PHOTO: Sign at Mt. Hope Cemetery, Havre, Montana.
NOTE FROM THE AUTHOR: I grew up in a tiny wheat farming town in Montana, and my family made trips to the bigger town of Havre for weekly shopping, medical appointments, movies, etc. Even with those consistent trips, I was unaware of the existence of Havre’s two separate cemeteries. It wasn’t until one of my adult annual summer stays in my hometown, which still includes weekly trips to Havre for the same reasons, that I became aware of the ramshackle second cemetery where the non-Christians are buried. I was instantly interested in its history and traced it through the local public library. Of course, the poet in me went right to work.
PHOTO: Gravestones at Mt. Hope Cemetery, Havre, Montana, by Kay Young, 1979 (Library of Congress, Montana Folklife Survey Collection).

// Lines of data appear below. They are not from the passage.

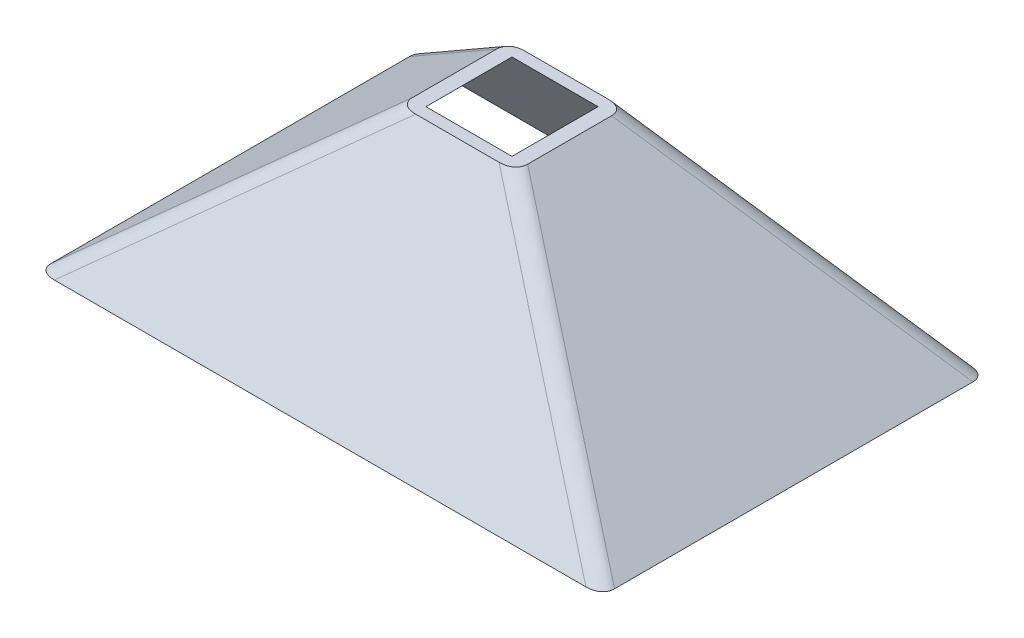
ISO-10303-21;
HEADER;
FILE_DESCRIPTION(('STEP AP214'),'2;1');
FILE_NAME('part.step','',(''),(''),'','','');
FILE_SCHEMA(('AUTOMOTIVE_DESIGN { 1 0 10303 214 1 1 1 1 }'));
ENDSEC;
DATA;
#1=APPLICATION_CONTEXT('core data for automotive mechanical design processes');
#2=APPLICATION_PROTOCOL_DEFINITION('international standard','automotive_design',2000,#1);
#3=PRODUCT_CONTEXT('',#1,'mechanical');
#4=PRODUCT('Part','Part','',(#3));
#5=PRODUCT_RELATED_PRODUCT_CATEGORY('part','',(#4));
#6=PRODUCT_DEFINITION_FORMATION('','',#4);
#7=PRODUCT_DEFINITION_CONTEXT('part definition',#1,'design');
#8=PRODUCT_DEFINITION('design','',#6,#7);
#9=PRODUCT_DEFINITION_SHAPE('','',#8);
#10=(LENGTH_UNIT() NAMED_UNIT(*) SI_UNIT(.MILLI.,.METRE.));
#11=(NAMED_UNIT(*) PLANE_ANGLE_UNIT() SI_UNIT($,.RADIAN.));
#12=(NAMED_UNIT(*) SI_UNIT($,.STERADIAN.) SOLID_ANGLE_UNIT());
#13=UNCERTAINTY_MEASURE_WITH_UNIT(LENGTH_MEASURE(1.E-05),#10,'distance_accuracy_value','');
#14=(GEOMETRIC_REPRESENTATION_CONTEXT(3) GLOBAL_UNCERTAINTY_ASSIGNED_CONTEXT((#13)) GLOBAL_UNIT_ASSIGNED_CONTEXT((#10,
#11,#12)) REPRESENTATION_CONTEXT('',''));
#15=CARTESIAN_POINT('',(0.,0.,0.));
#16=DIRECTION('',(0.,0.,1.));
#17=DIRECTION('',(1.,0.,0.));
#18=AXIS2_PLACEMENT_3D('',#15,#16,#17);
#19=CARTESIAN_POINT('',(850.,-50.,-525.));
#20=DIRECTION('',(0.,1.,0.));
#21=DIRECTION('',(-1.,0.,0.));
#22=AXIS2_PLACEMENT_3D('',#19,#20,#21);
#23=PLANE('',#22);
#24=DIRECTION('',(-1.,0.,0.));
#25=VECTOR('',#24,1.);
#26=CARTESIAN_POINT('',(-850.,-50.0000000000003,51.2791026741974));
#27=LINE('',#26,#25);
#28=CARTESIAN_POINT('',(71.0344398835073,-50.0000000000001,51.2791026741973));
#29=VERTEX_POINT('',#28);
#30=CARTESIAN_POINT('',(-71.0344398835072,-50.0000000000002,51.2791026741973));
#31=VERTEX_POINT('',#30);
#32=EDGE_CURVE('E219',#29,#31,#27,.T.);
#33=ORIENTED_EDGE('',*,*,#32,.T.);
#34=CARTESIAN_POINT('',(-67.4918462685022,-50.0000000000001,45.0780401829455));
#35=DIRECTION('',(0.,1.,0.));
#36=DIRECTION('',(0.852791218594574,0.,-0.522251986581173));
#37=AXIS2_PLACEMENT_3D('',#34,#35,#36);
#38=ELLIPSE('',#37,8.62117853821362,5.);
#39=CARTESIAN_POINT('',(-75.2938680172123,-50.,47.8937006739439));
#40=VERTEX_POINT('',#39);
#41=EDGE_CURVE('E263',#31,#40,#38,.F.);
#42=ORIENTED_EDGE('',*,*,#41,.T.);
#43=DIRECTION('',(0.,0.,-1.));
#44=VECTOR('',#43,1.);
#45=CARTESIAN_POINT('',(-75.2938680172124,-50.,-525.));
#46=LINE('',#45,#44);
#47=CARTESIAN_POINT('',(-75.2938680172123,-50.,-47.8937006739441));
#48=VERTEX_POINT('',#47);
#49=EDGE_CURVE('E224',#40,#48,#46,.T.);
#50=ORIENTED_EDGE('',*,*,#49,.T.);
#51=CARTESIAN_POINT('',(-67.4918462685025,-50.0000000000002,-45.0780401829455));
#52=DIRECTION('',(0.,1.,0.));
#53=DIRECTION('',(0.852791218594574,0.,0.522251986581173));
#54=AXIS2_PLACEMENT_3D('',#51,#52,#53);
#55=ELLIPSE('',#54,8.62117853821362,5.);
#56=CARTESIAN_POINT('',(-71.0344398835074,-50.0000000000002,-51.2791026741973));
#57=VERTEX_POINT('',#56);
#58=EDGE_CURVE('E258',#48,#57,#55,.F.);
#59=ORIENTED_EDGE('',*,*,#58,.T.);
#60=DIRECTION('',(1.,0.,0.));
#61=VECTOR('',#60,1.);
#62=CARTESIAN_POINT('',(849.999999999999,-50.,-51.2791026741972));
#63=LINE('',#62,#61);
#64=CARTESIAN_POINT('',(71.0344398835072,-50.0000000000001,-51.2791026741972));
#65=VERTEX_POINT('',#64);
#66=EDGE_CURVE('E189',#57,#65,#63,.T.);
#67=ORIENTED_EDGE('',*,*,#66,.T.);
#68=CARTESIAN_POINT('',(67.4918462685022,-50.0000000000002,-45.0780401829456));
#69=DIRECTION('',(0.,1.,0.));
#70=DIRECTION('',(-0.852791218594574,0.,0.522251986581174));
#71=AXIS2_PLACEMENT_3D('',#68,#69,#70);
#72=ELLIPSE('',#71,8.62117853821362,5.);
#73=CARTESIAN_POINT('',(75.2938680172124,-50.0000000000002,-47.8937006739442));
#74=VERTEX_POINT('',#73);
#75=EDGE_CURVE('E110',#65,#74,#72,.F.);
#76=ORIENTED_EDGE('',*,*,#75,.T.);
#77=DIRECTION('',(0.,0.,1.));
#78=VECTOR('',#77,1.);
#79=CARTESIAN_POINT('',(75.2938680172125,-50.0000000000002,525.));
#80=LINE('',#79,#78);
#81=CARTESIAN_POINT('',(75.2938680172124,-50.0000000000002,47.8937006739442));
#82=VERTEX_POINT('',#81);
#83=EDGE_CURVE('E223',#74,#82,#80,.T.);
#84=ORIENTED_EDGE('',*,*,#83,.T.);
#85=CARTESIAN_POINT('',(67.4918462685022,-50.0000000000001,45.0780401829456));
#86=DIRECTION('',(0.,1.,0.));
#87=DIRECTION('',(-0.852791218594574,0.,-0.522251986581173));
#88=AXIS2_PLACEMENT_3D('',#85,#86,#87);
#89=ELLIPSE('',#88,8.62117853821362,5.);
#90=EDGE_CURVE('E261',#82,#29,#89,.F.);
#91=ORIENTED_EDGE('',*,*,#90,.T.);
#92=EDGE_LOOP('',(#33,#42,#50,#59,#67,#76,#84,#91));
#93=FACE_BOUND('',#92,.T.);
#94=DIRECTION('',(-1.,0.,0.));
#95=VECTOR('',#94,1.);
#96=CARTESIAN_POINT('',(-850.,-50.0000000000003,48.1785714285716));
#97=LINE('',#96,#95);
#98=CARTESIAN_POINT('',(71.3928571428573,-50.0000000000002,48.1785714285715));
#99=VERTEX_POINT('',#98);
#100=CARTESIAN_POINT('',(-71.3928571428572,-50.,48.1785714285712));
#101=VERTEX_POINT('',#100);
#102=EDGE_CURVE('E203',#99,#101,#97,.T.);
#103=ORIENTED_EDGE('',*,*,#102,.F.);
#104=DIRECTION('',(0.,0.,1.));
#105=VECTOR('',#104,1.);
#106=CARTESIAN_POINT('',(71.3928571428575,-50.0000000000002,525.));
#107=LINE('',#106,#105);
#108=CARTESIAN_POINT('',(71.3928571428571,-50.0000000000001,-48.1785714285714));
#109=VERTEX_POINT('',#108);
#110=EDGE_CURVE('E201',#109,#99,#107,.T.);
#111=ORIENTED_EDGE('',*,*,#110,.F.);
#112=DIRECTION('',(1.,0.,0.));
#113=VECTOR('',#112,1.);
#114=CARTESIAN_POINT('',(849.999999999999,-50.,-48.1785714285713));
#115=LINE('',#114,#113);
#116=CARTESIAN_POINT('',(-71.3928571428573,-50.0000000000002,-48.1785714285716));
#117=VERTEX_POINT('',#116);
#118=EDGE_CURVE('E195',#117,#109,#115,.T.);
#119=ORIENTED_EDGE('',*,*,#118,.F.);
#120=DIRECTION('',(0.,0.,-1.));
#121=VECTOR('',#120,1.);
#122=CARTESIAN_POINT('',(-71.3928571428574,-50.0000000000002,-525.));
#123=LINE('',#122,#121);
#124=EDGE_CURVE('E179',#101,#117,#123,.T.);
#125=ORIENTED_EDGE('',*,*,#124,.F.);
#126=EDGE_LOOP('',(#103,#111,#119,#125));
#127=FACE_BOUND('',#126,.T.);
#128=ADVANCED_FACE('F88',(#93,#127),#23,.F.);
#129=CARTESIAN_POINT('',(-850.,-698.521278753427,527.015783588318));
#130=DIRECTION('',(0.,0.591488498629338,0.806313435327238));
#131=DIRECTION('',(1.,0.,0.));
#132=AXIS2_PLACEMENT_3D('',#129,#130,#131);
#133=PLANE('',#132);
#134=DIRECTION('',(1.,0.,0.));
#135=VECTOR('',#134,1.);
#136=CARTESIAN_POINT('',(0.,0.,14.6005312456257));
#137=LINE('',#136,#135);
#138=CARTESIAN_POINT('',(-11.1415827406499,0.,14.6005312456257));
#139=VERTEX_POINT('',#138);
#140=CARTESIAN_POINT('',(11.1415827406499,0.,14.6005312456257));
#141=VERTEX_POINT('',#140);
#142=EDGE_CURVE('E228',#139,#141,#137,.T.);
#143=ORIENTED_EDGE('',*,*,#142,.F.);
#144=DIRECTION('',(0.694717745113158,0.579967109814204,-0.425447301270849));
#145=VECTOR('',#144,1.);
#146=CARTESIAN_POINT('',(-848.898155680097,-699.379369180218,527.645254208543));
#147=LINE('',#146,#145);
#148=EDGE_CURVE('E256',#139,#31,#147,.F.);
#149=ORIENTED_EDGE('',*,*,#148,.T.);
#150=ORIENTED_EDGE('',*,*,#32,.F.);
#151=DIRECTION('',(-0.694717745113158,0.579967109814205,-0.425447301270849));
#152=VECTOR('',#151,1.);
#153=CARTESIAN_POINT('',(28.4224885424089,-14.426516471355,25.1834115428269));
#154=LINE('',#153,#152);
#155=EDGE_CURVE('E253',#29,#141,#154,.T.);
#156=ORIENTED_EDGE('',*,*,#155,.T.);
#157=EDGE_LOOP('',(#143,#149,#150,#156));
#158=FACE_BOUND('',#157,.T.);
#159=ADVANCED_FACE('F291',(#158),#133,.T.);
#160=CARTESIAN_POINT('',(851.602148827907,-698.080854582572,525.));
#161=DIRECTION('',(0.640859531162751,0.76765816697138,0.));
#162=DIRECTION('',(0.,0.,-1.));
#163=AXIS2_PLACEMENT_3D('',#160,#161,#162);
#164=PLANE('',#163);
#165=DIRECTION('',(0.,0.,-1.));
#166=VECTOR('',#165,1.);
#167=CARTESIAN_POINT('',(15.4010108743551,0.,0.));
#168=LINE('',#167,#166);
#169=CARTESIAN_POINT('',(15.4010108743551,0.,11.2151292453726));
#170=VERTEX_POINT('',#169);
#171=CARTESIAN_POINT('',(15.4010108743551,0.,-11.2151292453726));
#172=VERTEX_POINT('',#171);
#173=EDGE_CURVE('E233',#170,#172,#168,.T.);
#174=ORIENTED_EDGE('',*,*,#173,.F.);
#175=DIRECTION('',(-0.694717745113158,0.579967109814205,-0.425447301270849));
#176=VECTOR('',#175,1.);
#177=CARTESIAN_POINT('',(852.10245333591,-698.498520838507,523.613687031907));
#178=LINE('',#177,#176);
#179=EDGE_CURVE('E103',#170,#82,#178,.F.);
#180=ORIENTED_EDGE('',*,*,#179,.T.);
#181=ORIENTED_EDGE('',*,*,#83,.F.);
#182=DIRECTION('',(-0.694717745113158,0.579967109814205,0.425447301270849));
#183=VECTOR('',#182,1.);
#184=CARTESIAN_POINT('',(541.75837404238,-439.415807057385,-333.558010565326));
#185=LINE('',#184,#183);
#186=EDGE_CURVE('E265',#74,#172,#185,.T.);
#187=ORIENTED_EDGE('',*,*,#186,.T.);
#188=EDGE_LOOP('',(#174,#180,#181,#187));
#189=FACE_BOUND('',#188,.T.);
#190=ADVANCED_FACE('F283',(#189),#164,.T.);
#191=CARTESIAN_POINT('',(850.,-698.521278753427,-527.015783588318));
#192=DIRECTION('',(0.,0.591488498629338,-0.806313435327238));
#193=DIRECTION('',(-1.,0.,0.));
#194=AXIS2_PLACEMENT_3D('',#191,#192,#193);
#195=PLANE('',#194);
#196=DIRECTION('',(-1.,0.,0.));
#197=VECTOR('',#196,1.);
#198=CARTESIAN_POINT('',(0.,0.,-14.6005312456256));
#199=LINE('',#198,#197);
#200=CARTESIAN_POINT('',(11.1415827406499,0.,-14.6005312456256));
#201=VERTEX_POINT('',#200);
#202=CARTESIAN_POINT('',(-11.1415827406501,0.,-14.6005312456256));
#203=VERTEX_POINT('',#202);
#204=EDGE_CURVE('E236',#201,#203,#199,.T.);
#205=ORIENTED_EDGE('',*,*,#204,.F.);
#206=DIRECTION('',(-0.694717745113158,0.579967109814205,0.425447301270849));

EDITOR’S NOTE: About 50 miles from the Canada border in north central Montana, Havre was founded in the late 1800s to serve as a service center for the Great Northern Railway, due to its location midway between Seattle and Minneapolis-St. Paul. Originally named “Bullhook Bottoms,” the town held a series of meetings to determine a new name. The original settlers had the final decision, and thanks to a strong French influence, the town was renamed “Havre,” after Le Havre, France. (Source: Wikipedia.)
PHOTO: Saddle Butte, Havre, Montana, postcard designed by KermaB available at zazzle.com.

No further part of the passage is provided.